_What you are asked to do_.
Search the entries for the word "GPIO" and copy each line that has it.

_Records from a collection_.
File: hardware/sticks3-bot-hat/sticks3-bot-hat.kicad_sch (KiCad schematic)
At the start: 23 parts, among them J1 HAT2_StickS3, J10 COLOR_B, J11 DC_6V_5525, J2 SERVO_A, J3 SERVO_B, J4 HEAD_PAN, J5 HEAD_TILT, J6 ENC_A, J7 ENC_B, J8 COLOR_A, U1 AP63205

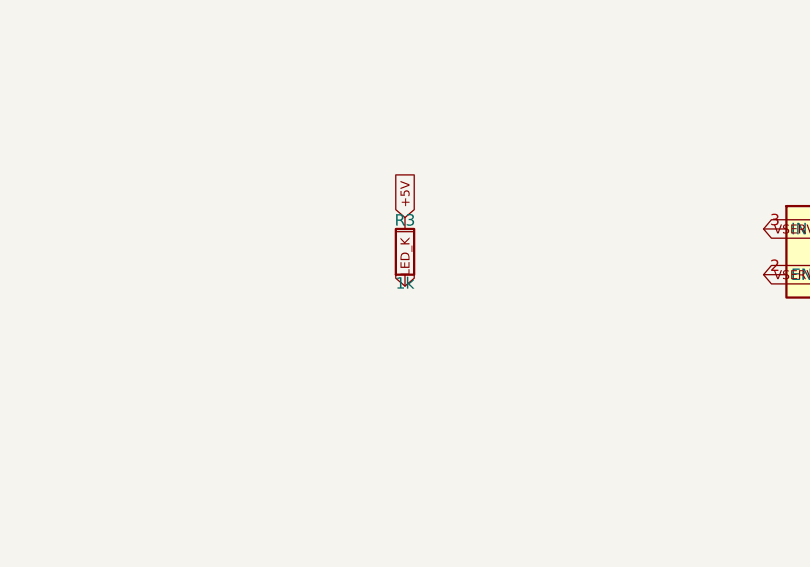
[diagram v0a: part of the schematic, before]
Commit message: Bot HAT: dim power LED (R3 22k), M3 mounting holes, dockerised fab export
- R3 1k -> 22k (~0.14 mA): the 1k LED on the first JLCPCB batch was far
  too bright for a power indicator. BOM/LCSC updated (C4190).
- Mounting holes H1-H4 changed in place from MountingHole_2.7mm_M2.5 to
  MountingHole_3.2mm_M3, same centres; GND zones refilled. The M3 head
  courtyard grazes J1/J2 by <0.25 mm (DRC warning) - use <=5.5 mm heads.
- export.sh: falls back to the kicad/kicad:10.0 docker image when
  kicad-cli isn't installed, runs DRC/ERC, exports the schematic PDF,
  and no longer deletes the hand-maintained cpl-jlcpcb-corrected.csv.
- Regenerated gerbers, drill, positions, BOM, schematic PDF, reports.
- .gitignore .venv/
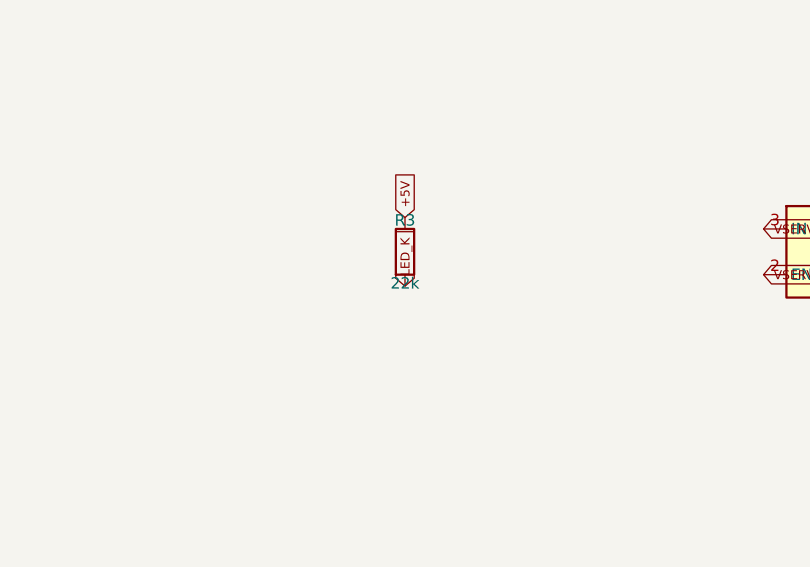
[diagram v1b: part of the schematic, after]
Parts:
- H1, H2, H3, H4: footprint MountingHole:MountingHole_2.7mm_M2.5 -> MountingHole:MountingHole_3.2mm_M3
- R3: value 1k -> 22k
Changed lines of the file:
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@@
     (property "Value" "M3" (at 40.0 88.5 0)
       (effects (font (size 1.27 1.27))))
-    (property "Footprint" "MountingHole:MountingHole_2.7mm_M2.5" (at 40.0 85.0 0)
+    (property "Footprint" "MountingHole:MountingHole_3.2mm_M3" (at 40.0 85.0 0)
       (effects (font (size 1.27 1.27)) (hide yes)))
     (instances
@@
     (property "Value" "M3" (at 90.0 88.5 0)
       (effects (font (size 1.27 1.27))))
-    (property "Footprint" "MountingHole:MountingHole_2.7mm_M2.5" (at 90.0 85.0 0)
+    (property "Footprint" "MountingHole:MountingHole_3.2mm_M3" (at 90.0 85.0 0)
       (effects (font (size 1.27 1.27)) (hide yes)))
     (instances
@@
     (property "Value" "M3" (at 140.0 88.5 0)
       (effects (font (size 1.27 1.27))))
-    (property "Footprint" "MountingHole:MountingHole_2.7mm_M2.5" (at 140.0 85.0 0)
+    (property "Footprint" "MountingHole:MountingHole_3.2mm_M3" (at 140.0 85.0 0)
       (effects (font (size 1.27 1.27)) (hide yes)))
     (instances
@@
     (property "Value" "M3" (at 190.0 88.5 0)
       (effects (font (size 1.27 1.27))))
-    (property "Footprint" "MountingHole:MountingHole_2.7mm_M2.5" (at 190.0 85.0 0)
+    (property "Footprint" "MountingHole:MountingHole_3.2mm_M3" (at 190.0 85.0 0)
       (effects (font (size 1.27 1.27)) (hide yes)))
     (instances
@@
     (property "Reference" "R3" (at 190.0 171.5 0)
       (effects (font (size 1.27 1.27))))
-    (property "Value" "1k" (at 190.0 178.5 0)
+    (property "Value" "22k" (at 190.0 178.5 0)
       (effects (font (size 1.27 1.27))))
     (property "Footprint" "Resistor_SMD:R_0603_1608Metric" (at 190.0 175.0 0)

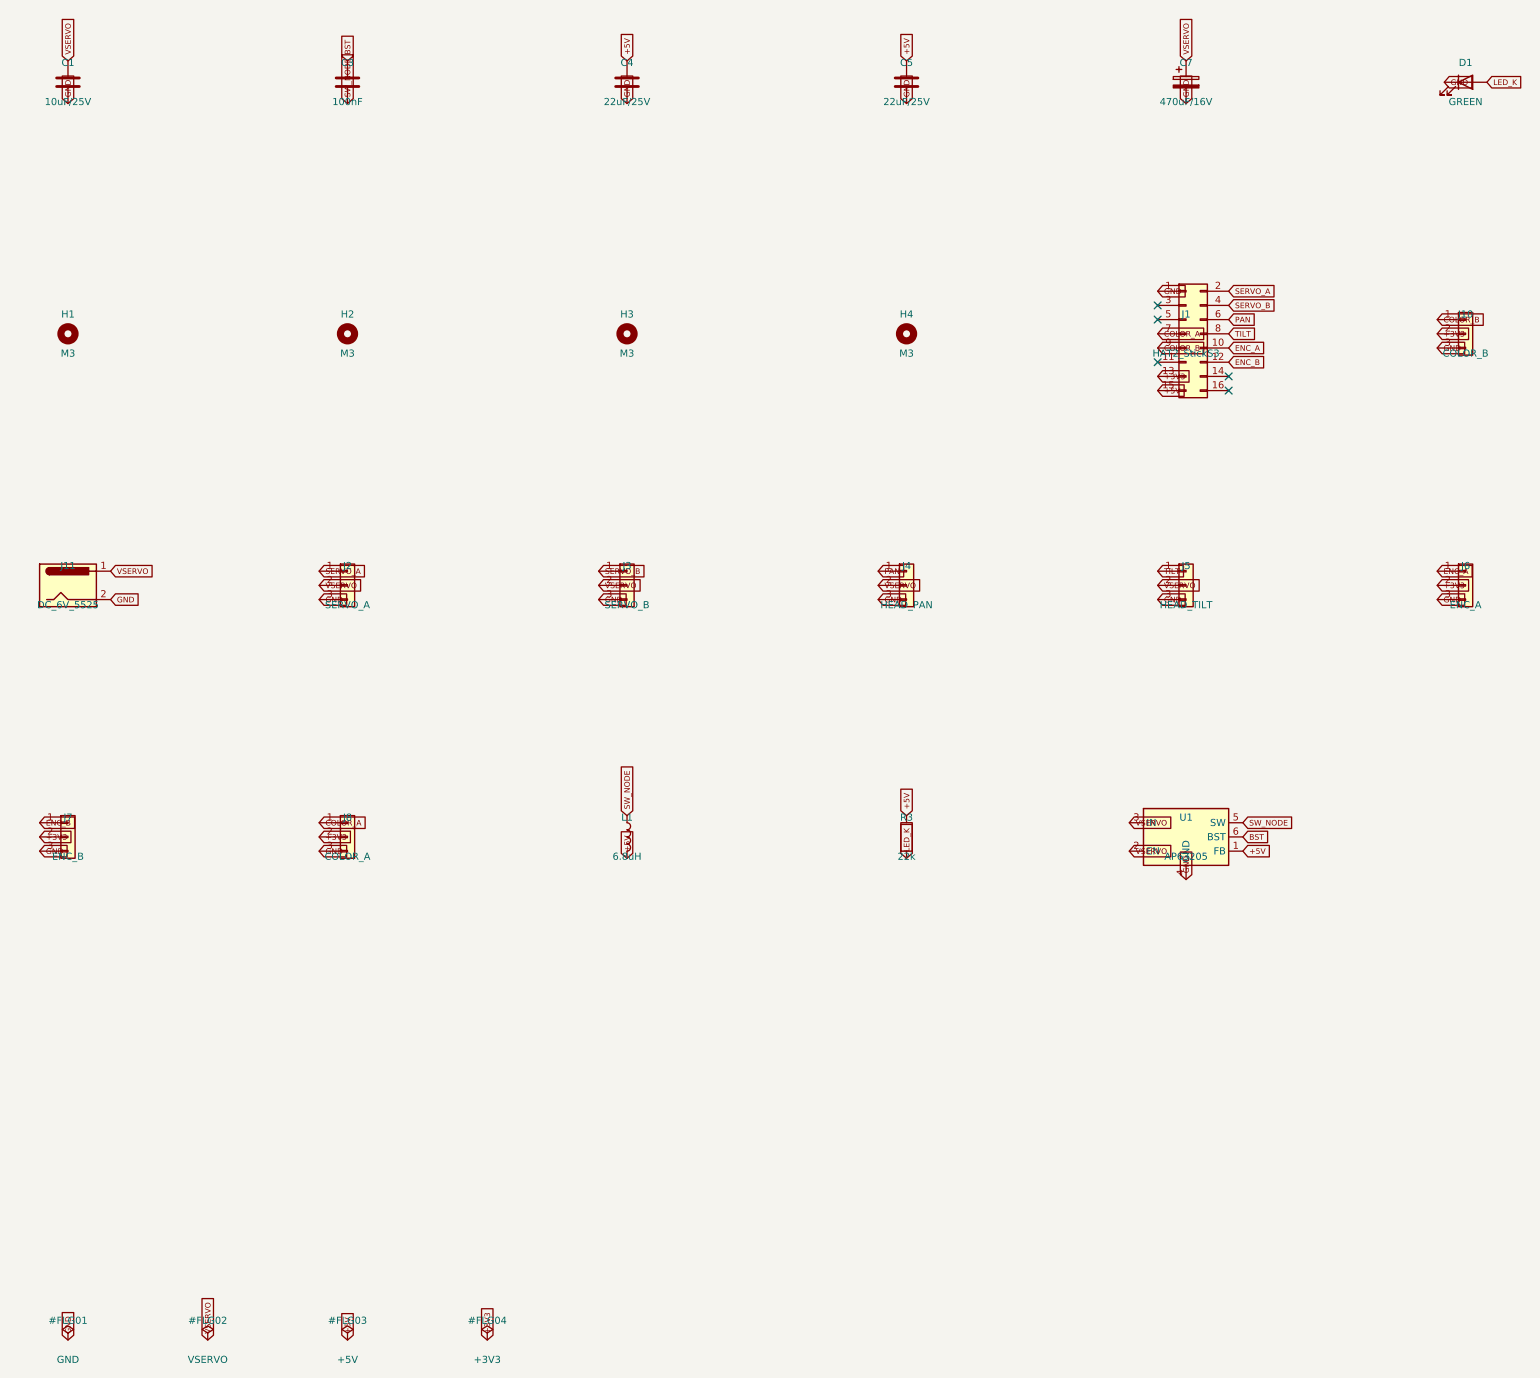
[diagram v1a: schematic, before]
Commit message: Bot HAT v4: LM393-order sensor headers, HC-SR04 DIST port, distance_sensor SDK
Board (hardware/sticks3-bot-hat, edited in place via gen/tools/rework_v4.py
so the hand routing survives):
- ENC A/B headers reordered to V G D0 and COLOR to V G - A0 (1x4) so the
  LM393 encoder / TCRT5000 modules connect with a straight Dupont cable.
- COLOR B replaced by DIST: 1x4 (5V TRIG ECHO GND) matching the HC-SR04,
  fed from the buck's 5 V; ECHO through a new 1k/2k divider (R4/R5) so the
  5 V pulse reaches G8 at 3.3 V; TRIG on the previously free G2.
- Power LED moved beside DIST. Schematic regenerated from design.py.
- DRC/ERC clean except the two known M3 courtyard warnings. Regenerated
  gerbers, drill, positions, BOM, JLC-corrected CPL (R3/D1/J10 moved,
  R4/R5 added), schematic PDF and renders (new gen/render.sh).
- gen_sch.py / export.sh / render.sh work with the kicad docker image.

Software:
- examples/sdk_distance_sensor.py: SPIKE-style distance(port) in mm
  (-1 out of range) plus distance_cm(); sdk_config gains
  DISTANCE_SENSOR_PINS, StickS3 color sensor is now port C on G1.
- Simulator: gears/minibot/distance_sensor.py on a forward UltrasonicSensor
  (in3, port D) added to robots/minibot.json; registered in skulpt.js.
- Scratch: "distance sensor (cm)" block; example.js lists the new SDK file.
- Docs: HAT README (connectors, GPIO map, ordering notes), CLAUDE.md,
  gears/README.md.
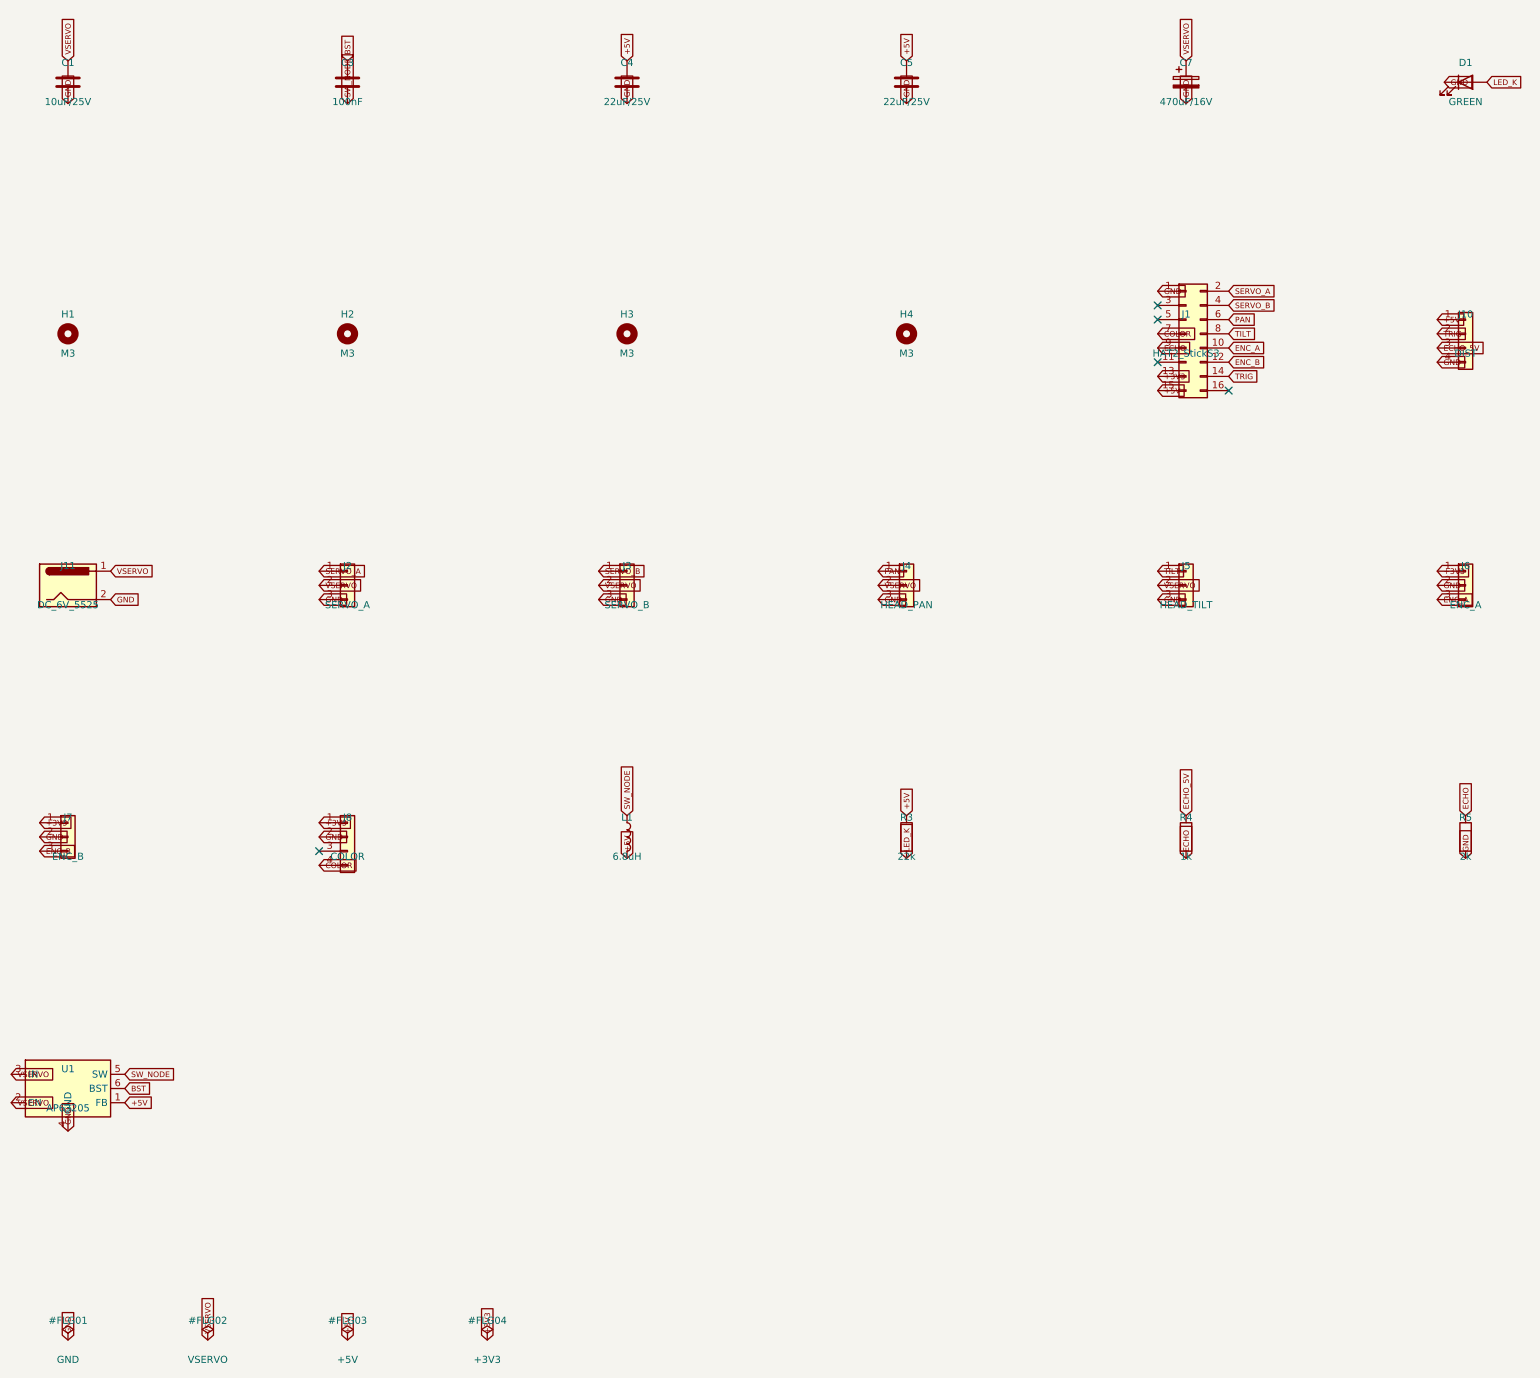
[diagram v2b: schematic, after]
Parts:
- removed J10: COLOR_B, Connector_PinHeader_2.54mm:PinHeader_1x03_P2.54mm_Vertical, symbol Connector_Generic:Conn_01x03
- removed J8: COLOR_A, Connector_PinHeader_2.54mm:PinHeader_1x03_P2.54mm_Vertical, symbol Connector_Generic:Conn_01x03
- added J10: DIST, Connector_PinHeader_2.54mm:PinHeader_1x04_P2.54mm_Vertical, symbol Connector_Generic:Conn_01x04
- added J8: COLOR, Connector_PinHeader_2.54mm:PinHeader_1x04_P2.54mm_Vertical, symbol Connector_Generic:Conn_01x04
- added R4: 1k, Resistor_SMD:R_0603_1608Metric, symbol Device:R
- added R5: 2k, Resistor_SMD:R_0603_1608Metric, symbol Device:R
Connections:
- net +3V3: now also J6.1 (Pin_1), J7.1 (Pin_1), J8.1 (Pin_1); no longer J6.2 (Pin_2), J7.2 (Pin_2)
- net +5V: now also J10.1 (Pin_1)
- net ENC_A: now also J6.3 (Pin_3); no longer J6.1 (Pin_1)
- net ENC_B: now also J7.3 (Pin_3); no longer J7.1 (Pin_1)
- net GND: now also J6.2 (Pin_2), J7.2 (Pin_2), J10.4 (Pin_4), J8.2 (Pin_2), R5.2; no longer J6.3 (Pin_3), J7.3 (Pin_3)
- net TRIG: now reaches J1.14 (Pin_14)
- net TRIG: now also J10.2 (Pin_2)
- net COLOR_A renamed COLOR
- net COLOR: now also J8.4 (Pin_4)
- net COLOR_B renamed ECHO
- net ECHO: now also R4.2, R5.1
- new net ECHO_5V: J10.3 (Pin_3), R4.1

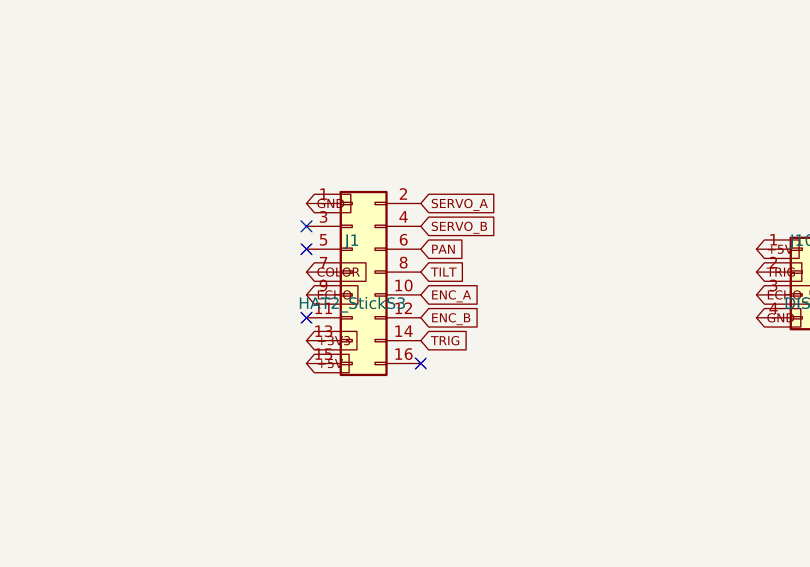
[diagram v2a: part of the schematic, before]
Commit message: Bot HAT v5: swap the J1 header rows (StickS3 power row is the lower pins)
Bring-up of the v3 board showed the StickS3, screen up, puts its power row
(GND EXT_5V BOOT G1 G8 BAT 3V3 5V_IN) on the header's lower pins and the
GPIO row on the upper pins; design.py had them the other way round (copied
from M5Stack's table, whose numbering starts on the power row). Columns
were right. Every other part of the board checked out on hardware with an
11-wire Dupont harness swapping the rows: buck 5 V, servo rail, all four
servo headers, both encoders and the reflection sensor.

- design.py: J1 nets moved to the other row in each column; comment records
  the measured socket layout.
- kicad_pcb: gen/tools/rework_v5_j1rows.py (text edit, no pcbnew) drops the
  30 segments / 3 vias fanning out to J1, adds the re-terminated routes
  (35 segments / 3 vias), renets J1 and strips the stale zone fills.
  Nothing else on the board moved. Same-layer clearance checked >= 0.2 mm.
- kicad_sch: J1 pin labels / no-connects moved to match.
- README: header-row explanation, field fix for v3/v4 boards, corrected
  first-article checks, and the KiCad steps still to run on the Mac
  (refill zones, DRC, export.sh, render.sh).
- export.sh refills zones before export (KiCad bundle python or docker);
  stale v4 gerbers removed from fab/ so they cannot be ordered.
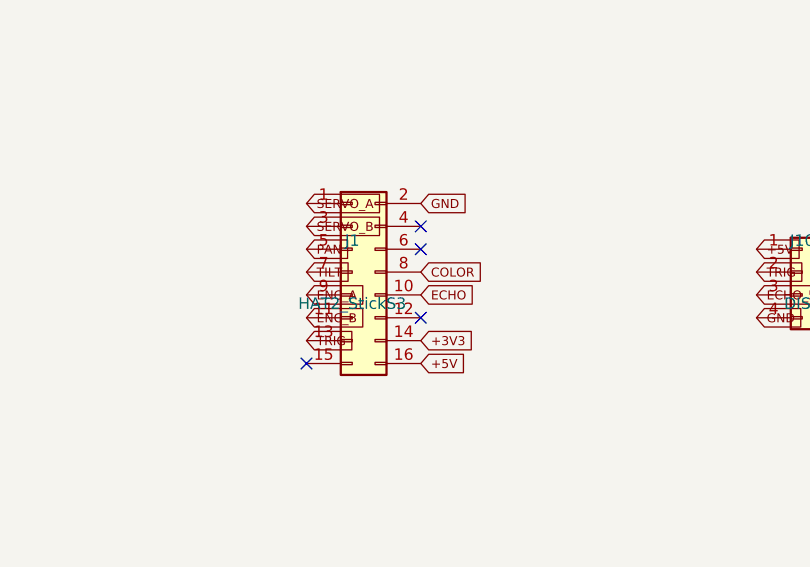
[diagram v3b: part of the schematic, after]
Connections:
- net +3V3: now also J1.14 (Pin_14); no longer J1.13 (Pin_13)
- net +5V: now also J1.16 (Pin_16); no longer J1.15 (Pin_15)
- net COLOR: now also J1.8 (Pin_8); no longer J1.7 (Pin_7)
- net ECHO: now also J1.10 (Pin_10); no longer J1.9 (Pin_9)
- net ENC_A: now also J1.9 (Pin_9); no longer J1.10 (Pin_10)
- net ENC_B: now also J1.11 (Pin_11); no longer J1.12 (Pin_12)
- net GND: now also J1.2 (Pin_2); no longer J1.1 (Pin_1)
- net PAN: now also J1.5 (Pin_5); no longer J1.6 (Pin_6)
- net SERVO_A: now also J1.1 (Pin_1); no longer J1.2 (Pin_2)
- net SERVO_B: now also J1.3 (Pin_3); no longer J1.4 (Pin_4)
- net TILT: now also J1.7 (Pin_7); no longer J1.8 (Pin_8)
- net TRIG: now also J1.13 (Pin_13); no longer J1.14 (Pin_14)
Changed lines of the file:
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@@
         (path "/76cba402-eb9b-48ec-82b7-eefdaa9b8bf7" (reference "J1") (unit 1))))
   )
-  (global_label "GND"
+  (global_label "SERVO_A"
     (shape input)
     (at 234.92 77.38 180)
     (effects (font (size 1.0 1.0)) (justify left))
   )
-  (global_label "SERVO_A"
+  (global_label "GND"
     (shape input)
     (at 247.62 77.38 0)
     (effects (font (size 1.0 1.0)) (justify left))
   )
-  (no_connect (at 234.92 79.92))
   (global_label "SERVO_B"
     (shape input)
-    (at 247.62 79.92 0)
+    (at 234.92 79.92 180)
     (effects (font (size 1.0 1.0)) (justify left))
   )
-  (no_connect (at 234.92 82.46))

_Exercise response_.
- Docs: HAT README (connectors, GPIO map, ordering notes), CLAUDE.md,
GPIO row on the upper pins; design.py had them the other way round (copied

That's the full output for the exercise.